■ WHAT YOU SHOULD DO:
From the line that contains "Transfer Fcn10 : TransferFcn" through the line that contains "Transfer Fcn2/1 ->", output every line of the listing below exactly and leave out all the rest.

■ DATA LISTING:
>>>

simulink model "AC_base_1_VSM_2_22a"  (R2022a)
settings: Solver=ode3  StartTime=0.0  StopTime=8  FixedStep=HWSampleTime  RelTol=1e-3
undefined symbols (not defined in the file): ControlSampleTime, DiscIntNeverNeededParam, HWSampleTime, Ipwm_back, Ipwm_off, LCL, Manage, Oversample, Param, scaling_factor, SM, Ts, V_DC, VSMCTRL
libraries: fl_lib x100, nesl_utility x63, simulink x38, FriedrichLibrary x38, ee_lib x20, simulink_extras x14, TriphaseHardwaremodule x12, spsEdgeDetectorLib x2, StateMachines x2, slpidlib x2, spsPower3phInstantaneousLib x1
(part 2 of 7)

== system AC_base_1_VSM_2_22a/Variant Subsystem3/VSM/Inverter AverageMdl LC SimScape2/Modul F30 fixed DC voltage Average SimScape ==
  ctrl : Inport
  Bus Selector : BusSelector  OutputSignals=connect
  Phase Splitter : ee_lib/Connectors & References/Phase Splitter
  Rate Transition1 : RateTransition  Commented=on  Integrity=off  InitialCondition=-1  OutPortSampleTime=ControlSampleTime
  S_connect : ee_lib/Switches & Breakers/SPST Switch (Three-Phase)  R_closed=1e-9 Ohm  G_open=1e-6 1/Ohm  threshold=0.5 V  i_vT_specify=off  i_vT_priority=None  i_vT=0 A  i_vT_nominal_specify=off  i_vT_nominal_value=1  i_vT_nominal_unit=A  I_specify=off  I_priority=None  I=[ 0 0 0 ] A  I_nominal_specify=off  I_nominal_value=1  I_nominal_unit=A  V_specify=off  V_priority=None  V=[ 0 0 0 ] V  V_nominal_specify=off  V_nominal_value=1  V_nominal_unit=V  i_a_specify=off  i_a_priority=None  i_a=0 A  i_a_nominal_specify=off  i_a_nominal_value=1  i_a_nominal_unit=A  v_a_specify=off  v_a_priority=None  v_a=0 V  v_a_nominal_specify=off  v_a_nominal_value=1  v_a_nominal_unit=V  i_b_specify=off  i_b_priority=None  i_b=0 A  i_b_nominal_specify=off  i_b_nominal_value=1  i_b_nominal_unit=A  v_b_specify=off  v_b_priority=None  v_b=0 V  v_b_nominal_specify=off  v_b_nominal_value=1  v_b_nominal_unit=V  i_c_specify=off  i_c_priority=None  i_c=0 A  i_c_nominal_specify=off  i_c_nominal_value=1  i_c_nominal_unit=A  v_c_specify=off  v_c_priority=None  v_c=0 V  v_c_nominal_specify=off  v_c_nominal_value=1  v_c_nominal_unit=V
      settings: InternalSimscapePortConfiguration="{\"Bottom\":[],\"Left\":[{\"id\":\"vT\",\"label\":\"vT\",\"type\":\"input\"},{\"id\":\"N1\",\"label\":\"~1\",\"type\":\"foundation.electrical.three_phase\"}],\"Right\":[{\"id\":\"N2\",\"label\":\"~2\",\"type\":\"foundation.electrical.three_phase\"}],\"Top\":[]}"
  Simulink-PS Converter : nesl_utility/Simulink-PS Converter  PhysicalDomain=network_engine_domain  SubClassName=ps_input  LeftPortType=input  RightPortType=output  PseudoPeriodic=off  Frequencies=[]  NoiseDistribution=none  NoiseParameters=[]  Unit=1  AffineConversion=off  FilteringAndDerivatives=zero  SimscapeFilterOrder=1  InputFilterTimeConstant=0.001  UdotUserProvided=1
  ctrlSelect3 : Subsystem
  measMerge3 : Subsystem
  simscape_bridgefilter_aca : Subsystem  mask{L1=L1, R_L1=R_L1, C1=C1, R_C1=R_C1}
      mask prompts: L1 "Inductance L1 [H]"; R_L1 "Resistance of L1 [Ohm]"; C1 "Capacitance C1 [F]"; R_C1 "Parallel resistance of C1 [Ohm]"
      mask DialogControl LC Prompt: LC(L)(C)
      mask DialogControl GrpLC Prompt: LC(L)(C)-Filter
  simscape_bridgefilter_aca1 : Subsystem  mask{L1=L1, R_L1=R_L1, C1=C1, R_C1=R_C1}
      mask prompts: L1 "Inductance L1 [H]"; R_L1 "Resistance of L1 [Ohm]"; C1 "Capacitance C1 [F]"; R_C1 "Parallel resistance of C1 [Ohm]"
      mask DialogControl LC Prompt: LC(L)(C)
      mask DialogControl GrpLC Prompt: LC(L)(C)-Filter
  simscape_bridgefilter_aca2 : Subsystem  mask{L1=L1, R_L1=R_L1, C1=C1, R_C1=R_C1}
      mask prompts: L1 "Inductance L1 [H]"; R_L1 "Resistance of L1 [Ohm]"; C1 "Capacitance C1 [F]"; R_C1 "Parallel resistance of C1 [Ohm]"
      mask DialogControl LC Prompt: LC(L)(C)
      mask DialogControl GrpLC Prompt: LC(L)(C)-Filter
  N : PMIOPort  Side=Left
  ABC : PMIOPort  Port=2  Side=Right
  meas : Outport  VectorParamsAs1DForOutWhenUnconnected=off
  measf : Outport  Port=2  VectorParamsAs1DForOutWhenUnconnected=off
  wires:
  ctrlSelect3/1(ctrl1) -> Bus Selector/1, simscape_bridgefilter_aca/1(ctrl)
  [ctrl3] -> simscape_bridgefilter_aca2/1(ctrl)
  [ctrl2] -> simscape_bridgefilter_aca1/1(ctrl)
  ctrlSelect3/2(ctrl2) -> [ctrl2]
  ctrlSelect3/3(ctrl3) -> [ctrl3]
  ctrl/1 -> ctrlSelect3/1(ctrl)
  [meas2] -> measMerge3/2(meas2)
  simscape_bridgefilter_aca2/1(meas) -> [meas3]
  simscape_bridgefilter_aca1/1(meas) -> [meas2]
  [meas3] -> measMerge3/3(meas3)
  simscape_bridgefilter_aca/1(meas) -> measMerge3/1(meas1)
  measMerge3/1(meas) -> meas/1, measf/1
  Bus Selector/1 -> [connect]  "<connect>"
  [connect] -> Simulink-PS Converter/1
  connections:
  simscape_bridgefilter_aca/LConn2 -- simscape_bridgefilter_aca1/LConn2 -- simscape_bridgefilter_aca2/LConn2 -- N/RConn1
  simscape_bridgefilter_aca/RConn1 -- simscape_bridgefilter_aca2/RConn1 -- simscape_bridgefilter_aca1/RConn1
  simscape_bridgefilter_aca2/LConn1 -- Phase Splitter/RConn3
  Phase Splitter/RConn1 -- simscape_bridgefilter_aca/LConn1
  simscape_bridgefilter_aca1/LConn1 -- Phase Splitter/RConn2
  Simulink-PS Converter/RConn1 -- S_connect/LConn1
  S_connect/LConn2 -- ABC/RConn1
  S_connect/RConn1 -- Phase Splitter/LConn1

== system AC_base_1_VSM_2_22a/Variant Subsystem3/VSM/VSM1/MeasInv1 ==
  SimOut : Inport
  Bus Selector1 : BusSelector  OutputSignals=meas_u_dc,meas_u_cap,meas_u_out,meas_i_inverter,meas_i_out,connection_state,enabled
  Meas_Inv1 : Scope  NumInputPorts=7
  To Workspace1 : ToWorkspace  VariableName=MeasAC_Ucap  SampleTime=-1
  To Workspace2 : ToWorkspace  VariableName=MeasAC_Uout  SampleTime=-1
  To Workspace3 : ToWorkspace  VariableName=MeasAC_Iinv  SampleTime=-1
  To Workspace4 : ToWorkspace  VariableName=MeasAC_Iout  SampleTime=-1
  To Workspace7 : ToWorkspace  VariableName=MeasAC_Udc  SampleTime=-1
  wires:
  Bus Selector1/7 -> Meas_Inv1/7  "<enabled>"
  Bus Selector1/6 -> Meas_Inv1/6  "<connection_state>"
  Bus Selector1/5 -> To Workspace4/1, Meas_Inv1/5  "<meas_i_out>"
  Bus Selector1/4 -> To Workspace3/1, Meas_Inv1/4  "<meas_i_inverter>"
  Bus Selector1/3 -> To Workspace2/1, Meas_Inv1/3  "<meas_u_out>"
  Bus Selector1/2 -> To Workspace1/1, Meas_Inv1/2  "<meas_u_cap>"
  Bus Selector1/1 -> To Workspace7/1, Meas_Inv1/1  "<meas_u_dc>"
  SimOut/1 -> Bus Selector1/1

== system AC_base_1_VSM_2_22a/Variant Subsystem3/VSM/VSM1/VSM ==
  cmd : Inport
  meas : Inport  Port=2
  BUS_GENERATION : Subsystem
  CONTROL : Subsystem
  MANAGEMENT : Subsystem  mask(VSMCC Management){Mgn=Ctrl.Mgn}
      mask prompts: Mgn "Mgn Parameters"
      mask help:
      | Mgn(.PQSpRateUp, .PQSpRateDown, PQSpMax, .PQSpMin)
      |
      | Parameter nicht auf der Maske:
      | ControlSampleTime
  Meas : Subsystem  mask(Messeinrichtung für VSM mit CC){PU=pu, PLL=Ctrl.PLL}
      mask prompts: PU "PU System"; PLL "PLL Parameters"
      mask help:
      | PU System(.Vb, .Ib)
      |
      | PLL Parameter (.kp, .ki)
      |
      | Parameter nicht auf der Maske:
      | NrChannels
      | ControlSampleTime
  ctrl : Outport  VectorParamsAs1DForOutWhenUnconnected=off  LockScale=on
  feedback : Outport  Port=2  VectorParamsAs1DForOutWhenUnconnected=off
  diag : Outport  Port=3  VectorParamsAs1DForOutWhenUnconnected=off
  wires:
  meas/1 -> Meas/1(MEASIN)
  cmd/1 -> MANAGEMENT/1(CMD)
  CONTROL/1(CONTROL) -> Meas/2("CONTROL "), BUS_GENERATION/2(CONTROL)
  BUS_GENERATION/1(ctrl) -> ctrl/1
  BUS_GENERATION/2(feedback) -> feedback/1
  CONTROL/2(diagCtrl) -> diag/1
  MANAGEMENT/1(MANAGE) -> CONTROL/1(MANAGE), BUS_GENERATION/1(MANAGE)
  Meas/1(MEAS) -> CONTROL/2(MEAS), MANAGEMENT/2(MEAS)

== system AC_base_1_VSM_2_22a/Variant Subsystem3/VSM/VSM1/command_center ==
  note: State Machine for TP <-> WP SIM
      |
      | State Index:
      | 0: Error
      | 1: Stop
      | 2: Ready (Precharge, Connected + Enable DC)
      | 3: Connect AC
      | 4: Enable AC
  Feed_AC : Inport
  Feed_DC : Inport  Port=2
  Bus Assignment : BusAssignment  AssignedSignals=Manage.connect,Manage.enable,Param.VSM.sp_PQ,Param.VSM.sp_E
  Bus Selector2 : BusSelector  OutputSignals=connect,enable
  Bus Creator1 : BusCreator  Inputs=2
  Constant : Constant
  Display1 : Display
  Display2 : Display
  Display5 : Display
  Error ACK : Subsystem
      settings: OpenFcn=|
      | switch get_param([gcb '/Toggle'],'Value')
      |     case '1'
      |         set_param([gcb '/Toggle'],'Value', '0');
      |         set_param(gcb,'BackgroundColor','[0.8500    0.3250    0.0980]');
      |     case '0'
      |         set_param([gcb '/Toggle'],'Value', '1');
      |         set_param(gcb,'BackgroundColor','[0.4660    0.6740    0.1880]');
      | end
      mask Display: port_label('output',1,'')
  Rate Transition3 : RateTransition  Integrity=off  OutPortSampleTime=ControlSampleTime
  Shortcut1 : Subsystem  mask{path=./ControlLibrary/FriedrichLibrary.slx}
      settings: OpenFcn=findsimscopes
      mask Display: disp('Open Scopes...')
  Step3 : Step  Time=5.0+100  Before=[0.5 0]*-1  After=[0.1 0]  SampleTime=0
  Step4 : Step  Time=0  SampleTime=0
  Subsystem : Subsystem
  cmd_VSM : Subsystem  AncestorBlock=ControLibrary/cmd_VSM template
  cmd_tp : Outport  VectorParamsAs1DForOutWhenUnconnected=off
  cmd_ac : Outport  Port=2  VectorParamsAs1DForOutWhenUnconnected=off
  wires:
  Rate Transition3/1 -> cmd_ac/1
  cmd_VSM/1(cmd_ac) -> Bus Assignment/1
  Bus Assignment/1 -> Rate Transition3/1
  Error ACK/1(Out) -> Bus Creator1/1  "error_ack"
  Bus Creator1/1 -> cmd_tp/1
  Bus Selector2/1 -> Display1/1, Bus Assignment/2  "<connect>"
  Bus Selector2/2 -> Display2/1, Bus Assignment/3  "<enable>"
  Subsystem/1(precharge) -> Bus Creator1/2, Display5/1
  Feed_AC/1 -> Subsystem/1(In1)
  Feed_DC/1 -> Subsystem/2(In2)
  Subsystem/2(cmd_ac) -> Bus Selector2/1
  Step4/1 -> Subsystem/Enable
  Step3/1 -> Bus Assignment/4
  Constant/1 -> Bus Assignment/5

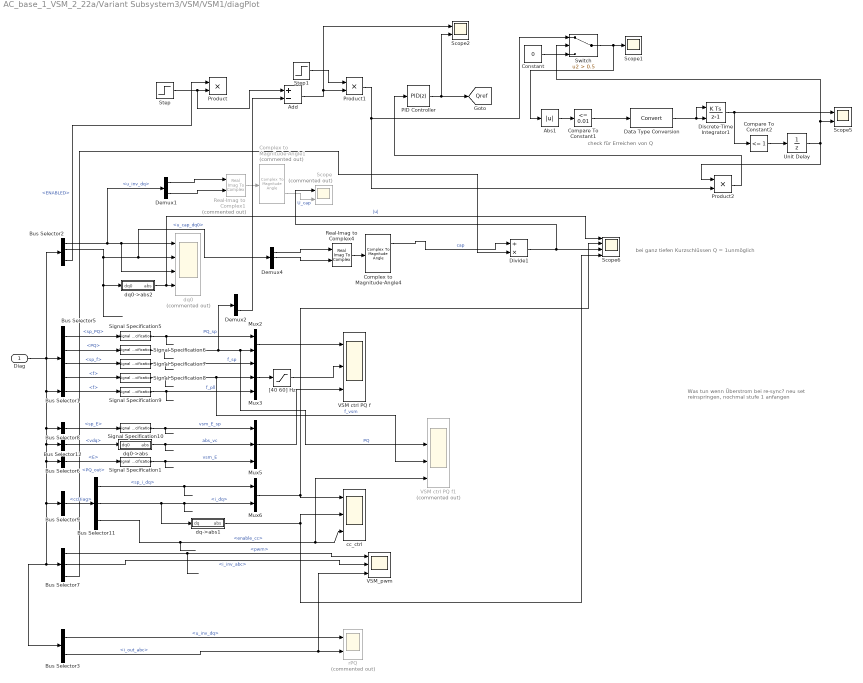
== system AC_base_1_VSM_2_22a/Variant Subsystem3/VSM/VSM1/diagPlot ==
  note: Was tun wenn Überstrom bei re-sync?
      |
      | neu set reinspringen, nochmal stufe 1 anfangen
  note: bei ganz tiefen Kurzschlüssen Q = 1unmöglich
  note: check für Erreichen von Q
  Diag : Inport
  Abs1 : Abs  SaturateOnIntegerOverflow=off
  Add : Sum  Inputs=+-
  Bus Selector1 : BusSelector  OutputSignals=measDiag.PLL.f
  Bus Selector11 : BusSelector  OutputSignals=sp_i_dq,i_dq,enable_cc
  Bus Selector12 : BusSelector  OutputSignals=measDiag.PLL.vdq
  Bus Selector2 : BusSelector  OutputSignals=u_inv_dq,measDiag.u_cap.u_cap_dq0,measDiag.u_cap.u_cap_abc,manage.ENABLED
  Bus Selector3 : BusSelector  OutputSignals=u_inv_dq,measDiag.i_out.i_out_abc
  Bus Selector5 : BusSelector  OutputSignals=manage.sp_VSM.sp_PQ,measDiag.PQ,manage.sp_VSM.sp_f,vsmDiag.f
  Bus Selector6 : BusSelector  OutputSignals=vsmDiag.E
  Bus Selector7 : BusSelector  OutputSignals=pwmDiag.pwm,measDiag.i_inv.i_inv_abc,measDiag.PQ_out
  Bus Selector8 : BusSelector  OutputSignals=vsmDiag.sp_VSM.sp_E
  Bus Selector9 : BusSelector  OutputSignals=ccDiag
  Compare To Constant1 : simulink/Logic and Bit Operations/Compare To Constant  relop=<=  const=0.01  OutDataTypeStr=boolean
  Compare To Constant2 : simulink/Logic and Bit Operations/Compare To Constant  relop=<=  const=1  OutDataTypeStr=boolean
  Complex to Magnitude-Angle1 : ComplexToMagnitudeAngle  Commented=on
  Complex to Magnitude-Angle4 : ComplexToMagnitudeAngle
  Constant : Constant  Value=0
  Data Type Conversion : DataTypeConversion  SaturateOnIntegerOverflow=off  RndMeth=Floor
  Demux1 : Demux  Outputs=2
  Demux2 : Demux  Outputs=2
  Demux4 : Demux  Outputs=3
  Discrete-Time Integrator1 : DiscreteIntegrator  ExternalReset=rising  SampleTime=-1  ICPrevOutput=DiscIntNeverNeededParam  ICPrevScaledInput=DiscIntNeverNeededParam
  Divide1 : Product  Inputs=/*
  Mux2 : Mux  Inputs=2
  Mux3 : Mux  Inputs=3
  Mux5 : Mux  Inputs=3
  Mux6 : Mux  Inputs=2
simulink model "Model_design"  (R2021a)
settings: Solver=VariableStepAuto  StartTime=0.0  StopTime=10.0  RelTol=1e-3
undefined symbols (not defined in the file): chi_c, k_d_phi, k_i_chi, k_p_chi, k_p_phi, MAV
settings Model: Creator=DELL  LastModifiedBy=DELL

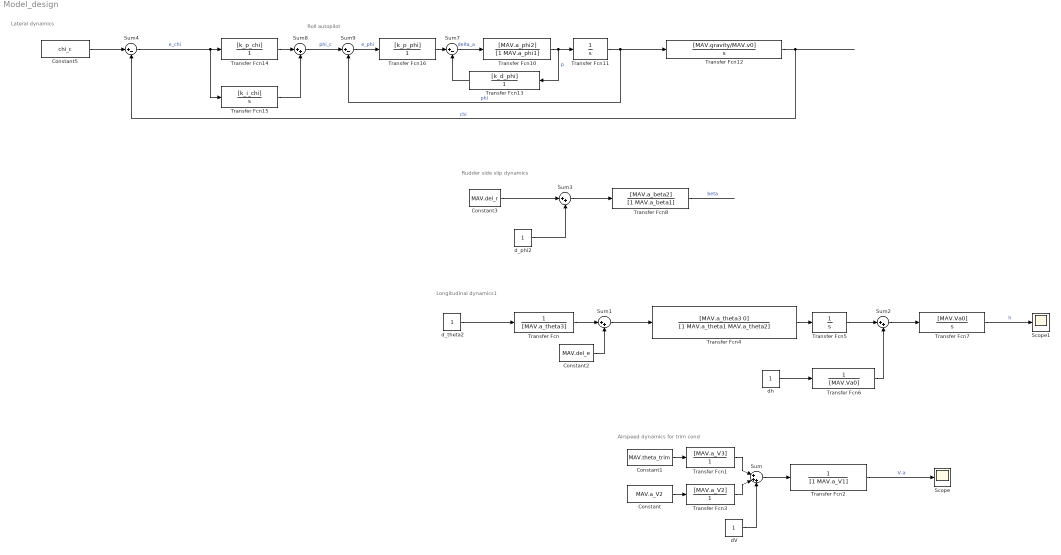
== system Model_design ==
  note: Roll autopilot
  note: Lateral dynamics
  note: Airspeed dynamics for trim cond
  note: Longitudinal dynamics1
  note: Rudder side slip dynamics
  Constant : Constant  Value=MAV.a_V2
  Constant1 : Constant  Value=MAV.theta_trim
  Constant2 : Constant  Value=MAV.del_e
  Constant3 : Constant  Value=MAV.del_r
  Constant5 : Constant  Value=chi_c
  Scope : Scope
  Scope1 : Scope
  Sum : Sum  Inputs=|+++
  Sum{1..3,8} (4 alike) : Sum  Inputs=|++
  Sum4 : Sum  Inputs=|+-
  Sum7 : Sum  Inputs=|+-
  Sum9 : Sum  Inputs=|+-
  Transfer Fcn : TransferFcn  Denominator=[MAV.a_theta3]
  Transfer Fcn1 : TransferFcn  Numerator=[MAV.a_V3]  Denominator=[1]
  Transfer Fcn10 : TransferFcn  Numerator=[MAV.a_phi2]  Denominator=[1 MAV.a_phi1]
  Transfer Fcn11 : TransferFcn  Denominator=[1 0]
  Transfer Fcn12 : TransferFcn  Numerator=[MAV.gravity/MAV.v0]  Denominator=[1 0]
  Transfer Fcn13 : TransferFcn  Numerator=[k_d_phi]  Denominator=[1]
  Transfer Fcn14 : TransferFcn  Numerator=[k_p_chi]  Denominator=1
  Transfer Fcn15 : TransferFcn  Numerator=[k_i_chi]  Denominator=[1 0]
  Transfer Fcn16 : TransferFcn  Numerator=[k_p_phi]  Denominator=1
  Transfer Fcn2 : TransferFcn  Denominator=[1 MAV.a_V1]
  Transfer Fcn3 : TransferFcn  Numerator=[MAV.a_V2]  Denominator=[1]
  Transfer Fcn4 : TransferFcn  Numerator=[MAV.a_theta3 0]  Denominator=[1 MAV.a_theta1 MAV.a_theta2]
  Transfer Fcn5 : TransferFcn  Denominator=[1 0]
  Transfer Fcn6 : TransferFcn  Denominator=[MAV.Va0]
  Transfer Fcn7 : TransferFcn  Numerator=[MAV.Va0]  Denominator=[1 0]
  Transfer Fcn8 : TransferFcn  Numerator=[MAV.a_beta2]  Denominator=[1 MAV.a_beta1]
  dV : Constant
  d_phi2 : Constant
  d_theta2 : Constant
  dh : Constant
  wires:
  Sum3/1 -> Transfer Fcn8/1
  Transfer Fcn12/1 -> Sum4/2  "chi"
  Transfer Fcn7/1 -> Scope1/1  "h"
  Transfer Fcn2/1 -> Scope/1  "V-a"
  Sum/1 -> Transfer Fcn2/1
  Constant1/1 -> Transfer Fcn1/1
  Transfer Fcn8/1 -> ?  "beta"
  Transfer Fcn3/1 -> Sum/2
  dV/1 -> Sum/3
  Transfer Fcn1/1 -> Sum/1
  Transfer Fcn5/1 -> Sum2/1
  Constant/1 -> Transfer Fcn3/1
  Sum1/1 -> Transfer Fcn4/1
  Transfer Fcn4/1 -> Transfer Fcn5/1
  Transfer Fcn6/1 -> Sum2/2
  Constant2/1 -> Sum1/2
  Constant3/1 -> Sum3/1
  dh/1 -> Transfer Fcn6/1
  d_phi2/1 -> Sum3/2
  d_theta2/1 -> Transfer Fcn/1
  Sum2/1 -> Transfer Fcn7/1
  Transfer Fcn/1 -> Sum1/1
  Transfer Fcn14/1 -> Sum8/1
  Transfer Fcn15/1 -> Sum8/2
  Constant5/1 -> Sum4/1
  Sum4/1 -> Transfer Fcn15/1, Transfer Fcn14/1  "e_chi"
  Transfer Fcn16/1 -> Sum7/1
  Sum8/1 -> Sum9/1  "phi_c"
  Transfer Fcn11/1 -> Transfer Fcn12/1, Sum9/2  "phi"
  Sum7/1 -> Transfer Fcn10/1  "delta_a"
  Transfer Fcn10/1 -> Transfer Fcn13/1, Transfer Fcn11/1  "p"
  Transfer Fcn13/1 -> Sum7/2
  Sum9/1 -> Transfer Fcn16/1  "e_phi"

<<<

■ WRITTEN SOLUTION:
  Transfer Fcn10 : TransferFcn  Numerator=[MAV.a_phi2]  Denominator=[1 MAV.a_phi1]
  Transfer Fcn11 : TransferFcn  Denominator=[1 0]
  Transfer Fcn12 : TransferFcn  Numerator=[MAV.gravity/MAV.v0]  Denominator=[1 0]
  Transfer Fcn13 : TransferFcn  Numerator=[k_d_phi]  Denominator=[1]
  Transfer Fcn14 : TransferFcn  Numerator=[k_p_chi]  Denominator=1
  Transfer Fcn15 : TransferFcn  Numerator=[k_i_chi]  Denominator=[1 0]
  Transfer Fcn16 : TransferFcn  Numerator=[k_p_phi]  Denominator=1
  Transfer Fcn2 : TransferFcn  Denominator=[1 MAV.a_V1]
  Transfer Fcn3 : TransferFcn  Numerator=[MAV.a_V2]  Denominator=[1]
  Transfer Fcn4 : TransferFcn  Numerator=[MAV.a_theta3 0]  Denominator=[1 MAV.a_theta1 MAV.a_theta2]
  Transfer Fcn5 : TransferFcn  Denominator=[1 0]
  Transfer Fcn6 : TransferFcn  Denominator=[MAV.Va0]
  Transfer Fcn7 : TransferFcn  Numerator=[MAV.Va0]  Denominator=[1 0]
  Transfer Fcn8 : TransferFcn  Numerator=[MAV.a_beta2]  Denominator=[1 MAV.a_beta1]
  dV : Constant
  d_phi2 : Constant
  d_theta2 : Constant
  dh : Constant
  wires:
  Sum3/1 -> Transfer Fcn8/1
  Transfer Fcn12/1 -> Sum4/2  "chi"
  Transfer Fcn7/1 -> Scope1/1  "h"
  Transfer Fcn2/1 -> Scope/1  "V-a"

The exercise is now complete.